# Materials provided:
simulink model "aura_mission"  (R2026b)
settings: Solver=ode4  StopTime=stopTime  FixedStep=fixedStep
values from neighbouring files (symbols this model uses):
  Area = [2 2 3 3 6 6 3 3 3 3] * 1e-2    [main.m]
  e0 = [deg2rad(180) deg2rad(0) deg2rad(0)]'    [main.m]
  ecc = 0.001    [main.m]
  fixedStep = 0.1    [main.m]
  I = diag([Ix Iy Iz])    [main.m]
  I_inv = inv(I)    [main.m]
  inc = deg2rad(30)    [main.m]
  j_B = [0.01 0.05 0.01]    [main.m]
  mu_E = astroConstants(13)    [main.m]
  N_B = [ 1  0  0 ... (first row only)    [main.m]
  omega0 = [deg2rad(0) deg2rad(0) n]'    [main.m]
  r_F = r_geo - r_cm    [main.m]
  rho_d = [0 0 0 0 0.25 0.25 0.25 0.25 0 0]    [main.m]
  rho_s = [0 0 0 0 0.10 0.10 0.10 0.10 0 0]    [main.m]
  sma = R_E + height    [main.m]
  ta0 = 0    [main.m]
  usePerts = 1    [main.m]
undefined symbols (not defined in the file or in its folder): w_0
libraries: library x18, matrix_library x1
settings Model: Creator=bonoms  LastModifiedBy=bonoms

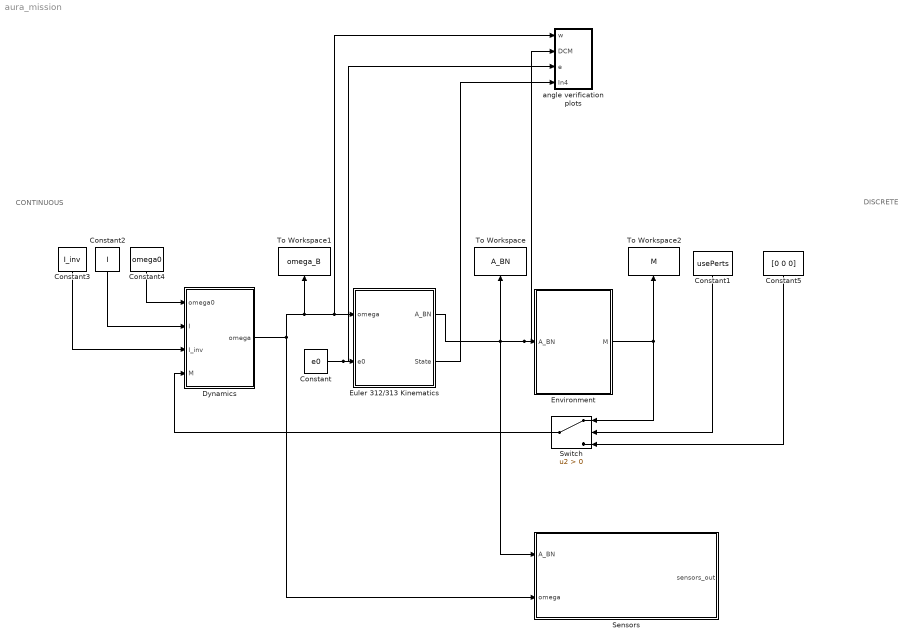
== system aura_mission ==
  note: DISCRETE
  note: CONTINUOUS
  Constant : Constant  Value=e0
  Constant1 : Constant  Value=usePerts
  Constant2 : Constant  Value=I
  Constant3 : Constant  Value=I_inv
  Constant4 : Constant  Value=omega0
  Constant5 : Constant  Value=[0 0 0]
  Dynamics : Subsystem
  Environment : Subsystem
  Euler 312/313 Kinematics : Subsystem
  Sensors : Subsystem
  Switch : Switch  Criteria=u2 > Threshold  SaturateOnIntegerOverflow=off  InputSameDT=off
  To Workspace : ToWorkspace  VariableName=A_BN  SampleTime=-1
  To Workspace1 : ToWorkspace  VariableName=omega_B  SampleTime=-1
  To Workspace2 : ToWorkspace  VariableName=M  SampleTime=-1
  angle verification plots : Subsystem
  wires:
  Dynamics/1(omega) -> Sensors/2(omega), Euler 312/313 Kinematics/1(omega), angle verification plots/1(w), To Workspace1/1
  Constant2/1 -> Dynamics/2(I)
  Constant4/1 -> Dynamics/1(omega0)
  Constant3/1 -> Dynamics/3(I_inv)
  Constant/1 -> angle verification plots/3(e), Euler 312/313 Kinematics/2(e0)
  Euler 312/313 Kinematics/1(A_BN) -> angle verification plots/2(DCM), Environment/1(A_BN), To Workspace/1, Sensors/1(A_BN)
  Environment/1(M) -> Switch/1, To Workspace2/1
  Constant1/1 -> Switch/2
  Switch/1 -> Dynamics/4(M)
  Constant5/1 -> Switch/3
  Euler 312/313 Kinematics/2(State) -> angle verification plots/4(In4)

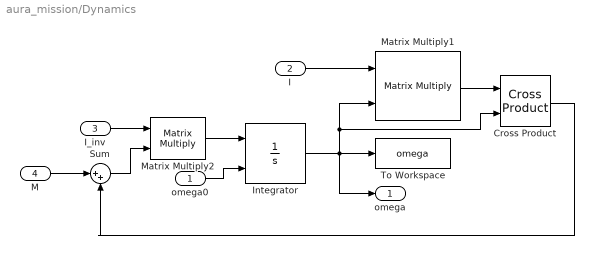
== system aura_mission/Dynamics ==
  omega0 : Inport
  I : Inport  Port=2
  I_inv : Inport  Port=3
  M : Inport  Port=4
  Cross Product : matrix_library/Cross Product
  Integrator : Integrator  InitialConditionSource=external  InitialCondition=w_0
  Matrix Multiply1 : Product  Multiplication=Matrix(*)
  Matrix Multiply2 : Product  Multiplication=Matrix(*)
  Sum : Sum  Inputs=|++
  To Workspace : ToWorkspace  VariableName=omega  SampleTime=-1
  omega : Outport
  wires:
  Matrix Multiply1/1 -> Cross Product/1
  Integrator/1 -> Matrix Multiply1/2, Cross Product/2, To Workspace/1, omega/1
  omega0/1 -> Integrator/2
  Sum/1 -> Matrix Multiply2/2
  I/1 -> Matrix Multiply1/1
  Matrix Multiply2/1 -> Integrator/1
  I_inv/1 -> Matrix Multiply2/1
  Cross Product/1 -> Sum/2
  M/1 -> Sum/1

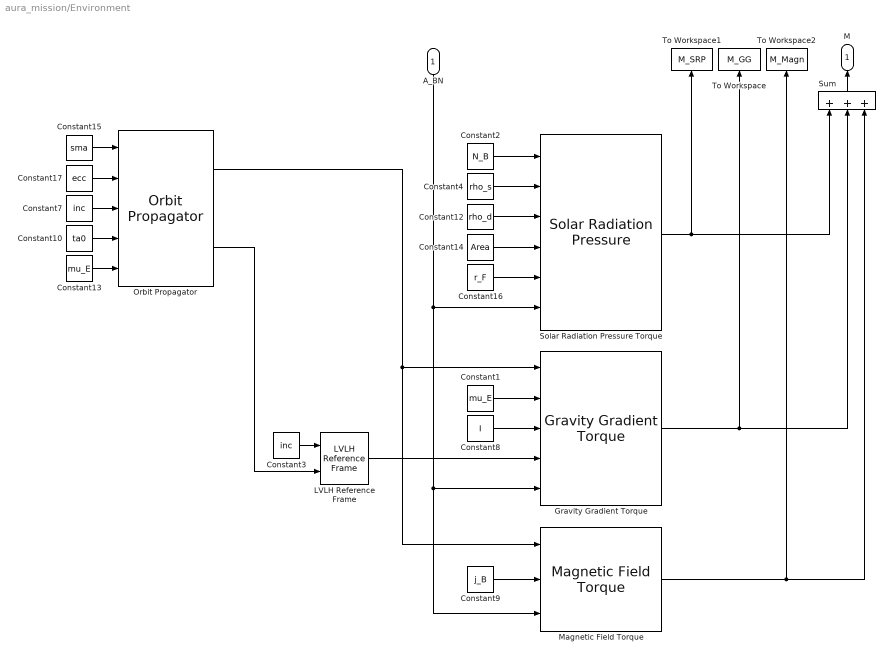
== system aura_mission/Environment ==
  A_BN : Inport
  Constant1 : Constant  Value=mu_E
  Constant10 : Constant  Value=ta0
  Constant12 : Constant  Value=rho_d
  Constant13 : Constant  Value=mu_E
  Constant14 : Constant  Value=Area
  Constant15 : Constant  Value=sma
  Constant16 : Constant  Value=r_F
  Constant17 : Constant  Value=ecc
  Constant2 : Constant  Value=N_B
  Constant3 : Constant  Value=inc
  Constant4 : Constant  Value=rho_s
  Constant7 : Constant  Value=inc
  Constant8 : Constant  Value=I
  Constant9 : Constant  Value=j_B
  Gravity Gradient Torque : library/Gravity Gradient Torque  SystemSampleTime=-1  VariantActivationTime=update diagram  EmptyChoice=off  PassThrough=off  PassThroughVariantControl=(default)  EmptyChoiceVariantControl=(default)  AllowFlexibleInterface=on  Latency=0  AutoFrameSizeCalculation=off
      settings: SourceProductName=SAD Project
  LVLH Reference Frame : library/LVLH Reference Frame  Description=Inputs: theta_rad (true anomaly), inclination_rad; scalar angles in radians. Output: 3x3 A_LN = Rz_passive(theta)*Rx_passive(i). Maps inertial columns to radial/transverse/normal axes for RAAN=argument of periapsis=0. Exactly the supplied matrix product. No workspace variables.  SystemSampleTime=-1  VariantActivationTime=update diagram  EmptyChoice=off  PassThrough=off  PassThroughVariantControl=(default)  EmptyChoiceVariantControl=(default)  AllowFlexibleInterface=on  Latency=0  AutoFrameSizeCalculation=off
      settings: SourceProductName=SAD Project
  Magnetic Field Torque : library/Magnetic Field Torque  SystemSampleTime=-1  VariantActivationTime=update diagram  EmptyChoice=off  PassThrough=off  PassThroughVariantControl=(default)  EmptyChoiceVariantControl=(default)  AllowFlexibleInterface=on  Latency=0  AutoFrameSizeCalculation=off
      link override Earth magnetic dipole tilt: Value=2.00712e-01
      settings: SourceProductName=SAD Project
  Orbit Propagator : library/Orbit Propagator  SystemSampleTime=-1  VariantActivationTime=update diagram  EmptyChoice=off  PassThrough=off  PassThroughVariantControl=(default)  EmptyChoiceVariantControl=(default)  AllowFlexibleInterface=on  Latency=0  AutoFrameSizeCalculation=off
      settings: SourceProductName=SAD Project
  Solar Radiation Pressure Torque : library/Solar Radiation Pressure  SystemSampleTime=-1  VariantActivationTime=update diagram  EmptyChoice=off  PassThrough=off  PassThroughVariantControl=(default)  EmptyChoiceVariantControl=(default)  AllowFlexibleInterface=on  Latency=0  AutoFrameSizeCalculation=off
      settings: SourceProductName=SAD Project
  Sum : Sum  Inputs=+++
  To Workspace : ToWorkspace  VariableName=M_GG  SampleTime=-1
  To Workspace1 : ToWorkspace  VariableName=M_SRP  SampleTime=-1
  To Workspace2 : ToWorkspace  VariableName=M_Magn  SampleTime=-1
  M : Outport
  wires:
  A_BN/1 -> Magnetic Field Torque/3, Gravity Gradient Torque/5, Solar Radiation Pressure Torque/6
  Constant2/1 -> Solar Radiation Pressure Torque/1
  Constant4/1 -> Solar Radiation Pressure Torque/2
  Constant12/1 -> Solar Radiation Pressure Torque/3
  Constant14/1 -> Solar Radiation Pressure Torque/4
  Constant16/1 -> Solar Radiation Pressure Torque/5
  Constant8/1 -> Gravity Gradient Torque/3
  Constant1/1 -> Gravity Gradient Torque/2
  Constant9/1 -> Magnetic Field Torque/2
  Constant15/1 -> Orbit Propagator/1
  Constant17/1 -> Orbit Propagator/2
  Constant10/1 -> Orbit Propagator/4
  Constant13/1 -> Orbit Propagator/5
  Orbit Propagator/1 -> Magnetic Field Torque/1, Gravity Gradient Torque/1
  LVLH Reference Frame/1 -> Gravity Gradient Torque/4
  Orbit Propagator/2 -> LVLH Reference Frame/2
  Constant7/1 -> Orbit Propagator/3
  Constant3/1 -> LVLH Reference Frame/1
  Solar Radiation Pressure Torque/1 -> Sum/1, To Workspace1/1
  Gravity Gradient Torque/1 -> Sum/2, To Workspace/1
  Magnetic Field Torque/1 -> Sum/3, To Workspace2/1
  Sum/1 -> M/1

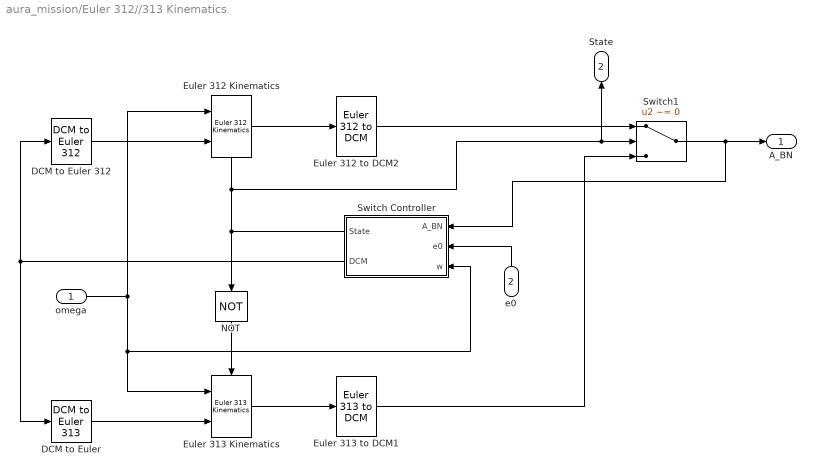
== system aura_mission/Euler 312//313 Kinematics ==
  omega : Inport
  e0 : Inport  Port=2
  DCM to Euler : library/DCM to Euler 313  SystemSampleTime=-1  VariantActivationTime=update diagram  EmptyChoice=off  PassThrough=off  PassThroughVariantControl=(default)  EmptyChoiceVariantControl=(default)  AllowFlexibleInterface=on  Latency=0  AutoFrameSizeCalculation=off
      settings: SourceProductName=SAD Project
  DCM to Euler 312 : library/DCM to Euler 312  SystemSampleTime=-1  VariantActivationTime=update diagram  EmptyChoice=off  PassThrough=off  PassThroughVariantControl=(default)  EmptyChoiceVariantControl=(default)  AllowFlexibleInterface=on  Latency=0  AutoFrameSizeCalculation=off
      settings: SourceProductName=SAD Project
  Euler 312 Kinematics : library/Euler 312 Kinematics  SystemSampleTime=-1  VariantActivationTime=update diagram  EmptyChoice=off  PassThrough=off  PassThroughVariantControl=(default)  EmptyChoiceVariantControl=(default)  AllowFlexibleInterface=on  Latency=0  AutoFrameSizeCalculation=off
      settings: SourceProductName=SAD Project
  Euler 312 to DCM2 : library/Euler 312 to DCM  SystemSampleTime=-1  VariantActivationTime=update diagram  EmptyChoice=off  PassThrough=off  PassThroughVariantControl=(default)  EmptyChoiceVariantControl=(default)  AllowFlexibleInterface=on  Latency=0  AutoFrameSizeCalculation=off
      settings: SourceProductName=SAD Project
  Euler 313 Kinematics : library/Euler 313 Kinematics  SystemSampleTime=-1  VariantActivationTime=update diagram  EmptyChoice=off  PassThrough=off  PassThroughVariantControl=(default)  EmptyChoiceVariantControl=(default)  AllowFlexibleInterface=on  Latency=0  AutoFrameSizeCalculation=off
      settings: SourceProductName=SAD Project
  Euler 313 to DCM1 : library/Euler 313 to DCM  SystemSampleTime=-1  VariantActivationTime=update diagram  EmptyChoice=off  PassThrough=off  PassThroughVariantControl=(default)  EmptyChoiceVariantControl=(default)  AllowFlexibleInterface=on  Latency=0  AutoFrameSizeCalculation=off
      settings: SourceProductName=SAD Project
  NOT : Logic  Operator=NOT  IconShape=distinctive  AllPortsSameDT=off  OutDataTypeStr=boolean
  Switch Controller : Subsystem
  Switch1 : Switch  Criteria=u2 ~= 0  SaturateOnIntegerOverflow=off  InputSameDT=off
  A_BN : Outport
  State : Outport  Port=2
  wires:
  DCM to Euler 312/1 -> Euler 312 Kinematics/2
  Switch1/1 -> A_BN/1, Switch Controller/1(A_BN)
  omega/1 -> Euler 312 Kinematics/1, Euler 313 Kinematics/1, Switch Controller/3(w)
  Euler 313 to DCM1/1 -> Switch1/3
  Switch Controller/1(State) -> Euler 312 Kinematics/Enable, State/1, Switch1/2, NOT/1
  Switch Controller/2(DCM) -> DCM to Euler 312/1, DCM to Euler/1
  e0/1 -> Switch Controller/2(e0)
  Euler 312 to DCM2/1 -> Switch1/1
  Euler 312 Kinematics/1 -> Euler 312 to DCM2/1
  Euler 313 Kinematics/1 -> Euler 313 to DCM1/1
  NOT/1 -> Euler 313 Kinematics/Enable
  DCM to Euler/1 -> Euler 313 Kinematics/2

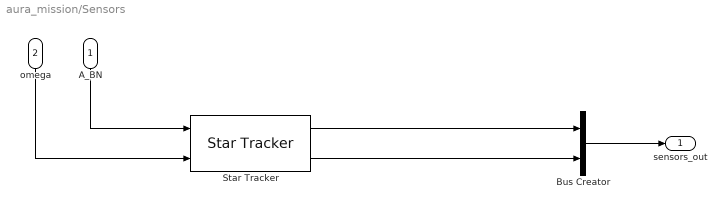
== system aura_mission/Sensors ==
  A_BN : Inport
  omega : Inport  Port=2
  Bus Creator : BusCreator  Inputs=2
  Star Tracker : library/Star Tracker  SystemSampleTime=-1  VariantActivationTime=update diagram  EmptyChoice=off  PassThrough=off  PassThroughVariantControl=(default)  EmptyChoiceVariantControl=(default)  AllowFlexibleInterface=on  Latency=0  AutoFrameSizeCalculation=off
      settings: SourceProductName=SAD Project
  sensors_out : Outport
  wires:
  A_BN/1 -> Star Tracker/1
  omega/1 -> Star Tracker/2
  Bus Creator/1 -> sensors_out/1
  Star Tracker/1 -> Bus Creator/1
  Star Tracker/2 -> Bus Creator/2

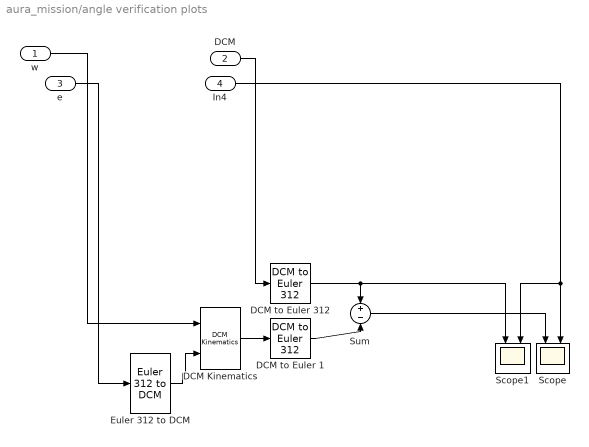
== system aura_mission/angle verification plots ==
  w : Inport
  DCM : Inport  Port=2
  e : Inport  Port=3
  In4 : Inport  Port=4
  DCM Kinematics : library/DCM Kinematics  SystemSampleTime=-1  VariantActivationTime=update diagram  EmptyChoice=off  PassThrough=off  PassThroughVariantControl=(default)  EmptyChoiceVariantControl=(default)  AllowFlexibleInterface=on  Latency=0  AutoFrameSizeCalculation=off
      settings: SourceProductName=SAD Project
  DCM to Euler 1 : library/DCM to Euler 312  SystemSampleTime=-1  VariantActivationTime=update diagram  EmptyChoice=off  PassThrough=off  PassThroughVariantControl=(default)  EmptyChoiceVariantControl=(default)  AllowFlexibleInterface=on  Latency=0  AutoFrameSizeCalculation=off
      settings: SourceProductName=SAD Project
  DCM to Euler 312 : library/DCM to Euler 312  SystemSampleTime=-1  VariantActivationTime=update diagram  EmptyChoice=off  PassThrough=off  PassThroughVariantControl=(default)  EmptyChoiceVariantControl=(default)  AllowFlexibleInterface=on  Latency=0  AutoFrameSizeCalculation=off
      settings: SourceProductName=SAD Project
  Euler 312 to DCM : library/Euler 312 to DCM  SystemSampleTime=-1  VariantActivationTime=update diagram  EmptyChoice=off  PassThrough=off  PassThroughVariantControl=(default)  EmptyChoiceVariantControl=(default)  AllowFlexibleInterface=on  Latency=0  AutoFrameSizeCalculation=off
      settings: SourceProductName=SAD Project
  Scope : Scope  NumInputPorts=2
      settings: ActiveDisplayYMinimum=-1.1089569013688392  ActiveDisplayYMaximum=2.3157149502021164
  Scope1 : Scope  NumInputPorts=2
      settings: ActiveDisplayYMinimum=-3.926984332287788  ActiveDisplayYMaximum=3.9269536557464382
  Sum : Sum  Inputs=+|-
  wires:
  e/1 -> Euler 312 to DCM/1
  w/1 -> DCM Kinematics/1
  DCM to Euler 1/1 -> Sum/2
  In4/1 -> Scope1/2, Scope/2
  DCM/1 -> DCM to Euler 312/1
  DCM Kinematics/1 -> DCM to Euler 1/1
  Sum/1 -> Scope/1
  Euler 312 to DCM/1 -> DCM Kinematics/2
  DCM to Euler 312/1 -> Scope1/1, Sum/1

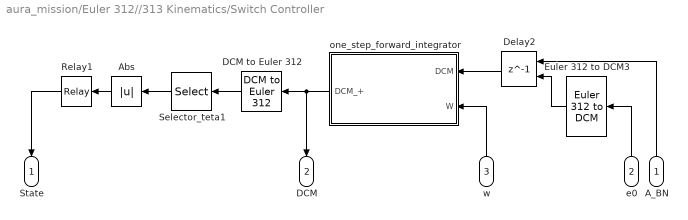
== system aura_mission/Euler 312//313 Kinematics/Switch Controller ==
  A_BN : Inport
  e0 : Inport  Port=2
  w : Inport  Port=3
  Abs : Abs  SaturateOnIntegerOverflow=off
  DCM to Euler 312 : library/DCM to Euler 312  SystemSampleTime=-1  VariantActivationTime=update diagram  EmptyChoice=off  PassThrough=off  PassThroughVariantControl=(default)  EmptyChoiceVariantControl=(default)  AllowFlexibleInterface=on  Latency=0  AutoFrameSizeCalculation=off
      settings: SourceProductName=SAD Project
  Delay2 : Delay  DelayLength=1  InitialConditionSource=Input port
      settings: InputPortMap=u0,p4
  Euler 312 to DCM3 : library/Euler 312 to DCM  SystemSampleTime=-1  VariantActivationTime=update diagram  EmptyChoice=off  PassThrough=off  PassThroughVariantControl=(default)  EmptyChoiceVariantControl=(default)  AllowFlexibleInterface=on  Latency=0  AutoFrameSizeCalculation=off
      settings: SourceProductName=SAD Project
  Relay1 : Relay  OnSwitchValue=deg2rad(60)  OffSwitchValue=deg2rad(30)  OnOutputValue=0  OffOutputValue=1
  Selector_teta1 : Selector  InputPortWidth=3  IndexOptions=Index vector (dialog)  Indices=2  OutputSizes=1  RuntimeRangeChecks=off
  one_step_forward_integrator : Subsystem
  State : Outport
  DCM : Outport  Port=2
  wires:
  w/1 -> one_step_forward_integrator/2(W)
  Delay2/1 -> one_step_forward_integrator/1(DCM)
  one_step_forward_integrator/1(DCM_+) -> DCM to Euler 312/1, DCM/1
  Relay1/1 -> State/1
  Abs/1 -> Relay1/1
  e0/1 -> Euler 312 to DCM3/1
  DCM to Euler 312/1 -> Selector_teta1/1
  Euler 312 to DCM3/1 -> Delay2/2
  A_BN/1 -> Delay2/1
  Selector_teta1/1 -> Abs/1

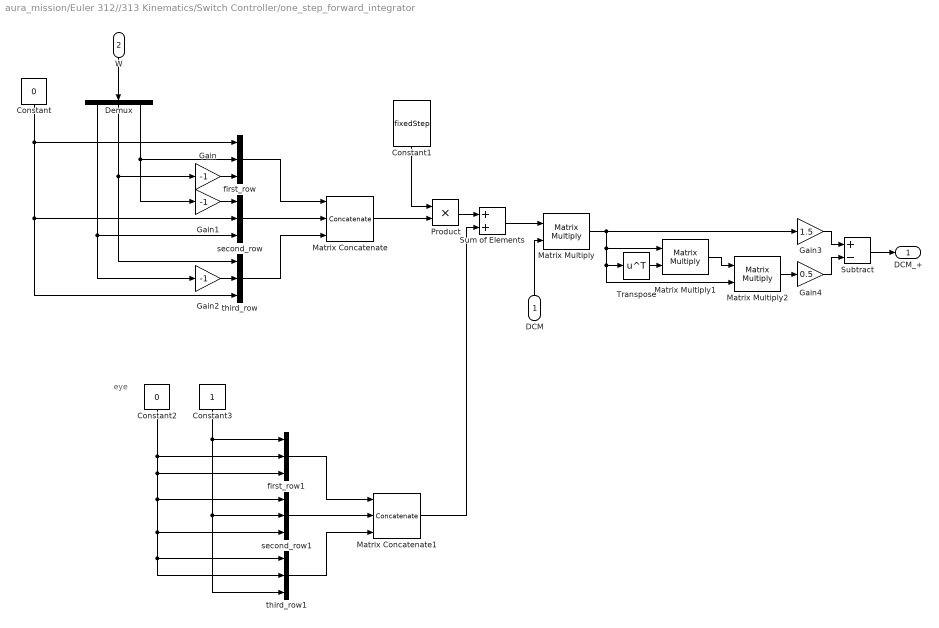
== system aura_mission/Euler 312//313 Kinematics/Switch Controller/one_step_forward_integrator ==
  note: eye
  DCM : Inport
  W : Inport  Port=2
  Constant : Constant  Value=0
  Constant1 : Constant  Value=fixedStep
  Constant2 : Constant  Value=0
  Constant3 : Constant
  Demux : Demux  Outputs=3
  Gain : Gain  Gain=-1
  Gain1 : Gain  Gain=-1
  Gain2 : Gain  Gain=-1
  Gain3 : Gain  Gain=1.5
  Gain4 : Gain  Gain=0.5
  Matrix Concatenate : Concatenate  NumInputs=3  Mode=Multidimensional array  ConcatenateDimension=2
  Matrix Concatenate1 : Concatenate  NumInputs=3  Mode=Multidimensional array  ConcatenateDimension=2
  Matrix Multiply : Product  Multiplication=Matrix(*)
  Matrix Multiply1 : Product  Multiplication=Matrix(*)
  Matrix Multiply2 : Product  Multiplication=Matrix(*)
  Product : Product
  Subtract : Sum  Inputs=+-
  Sum of Elements : Sum
  Transpose : Math  Operator=transpose
  first_row : Mux  Inputs=3
  first_row1 : Mux  Inputs=3
  second_row : Mux  Inputs=3
  second_row1 : Mux  Inputs=3
  third_row : Mux  Inputs=3
  third_row1 : Mux  Inputs=3
  DCM_+ : Outport
  wires:
  Gain2/1 -> third_row/2
  Matrix Concatenate1/1 -> Sum of Elements/2
  Constant2/1 -> second_row1/3, third_row1/1, third_row1/2, second_row1/1, first_row1/3, first_row1/2
  Constant3/1 -> second_row1/2, third_row1/3, first_row1/1
  third_row1/1 -> Matrix Concatenate1/3
  second_row1/1 -> Matrix Concatenate1/2
  first_row1/1 -> Matrix Concatenate1/1
  Sum of Elements/1 -> Matrix Multiply/1
  Product/1 -> Sum of Elements/1
  Matrix Concatenate/1 -> Product/2
  W/1 -> Demux/1
  Constant1/1 -> Product/1
  DCM/1 -> Matrix Multiply/2
  Demux/1 -> second_row/3, Gain2/1
  Gain1/1 -> second_row/1
  Demux/2 -> Gain/1, third_row/1
  Gain/1 -> first_row/3
  Demux/3 -> Gain1/1, first_row/2
  Constant/1 -> third_row/3, second_row/2, first_row/1
  first_row/1 -> Matrix Concatenate/1
  second_row/1 -> Matrix Concatenate/2
  third_row/1 -> Matrix Concatenate/3
  Gain4/1 -> Subtract/2
  Matrix Multiply1/1 -> Matrix Multiply2/1
  Matrix Multiply2/1 -> Gain4/1
  Transpose/1 -> Matrix Multiply1/2
  Gain3/1 -> Subtract/1
  Matrix Multiply/1 -> Matrix Multiply2/2, Transpose/1, Matrix Multiply1/1, Gain3/1
  Subtract/1 -> DCM_+/1

# Exercise prompt:
Would you quote everything above from the line containing "Switch1/1 -> A_BN/1, Switch" down to the line containing "Euler 312 Kinematics/1 ->"? Include both of those lines and nothing else.

# Answer to the exercise:
  Switch1/1 -> A_BN/1, Switch Controller/1(A_BN)
  omega/1 -> Euler 312 Kinematics/1, Euler 313 Kinematics/1, Switch Controller/3(w)
  Euler 313 to DCM1/1 -> Switch1/3
  Switch Controller/1(State) -> Euler 312 Kinematics/Enable, State/1, Switch1/2, NOT/1
  Switch Controller/2(DCM) -> DCM to Euler 312/1, DCM to Euler/1
  e0/1 -> Switch Controller/2(e0)
  Euler 312 to DCM2/1 -> Switch1/1
  Euler 312 Kinematics/1 -> Euler 312 to DCM2/1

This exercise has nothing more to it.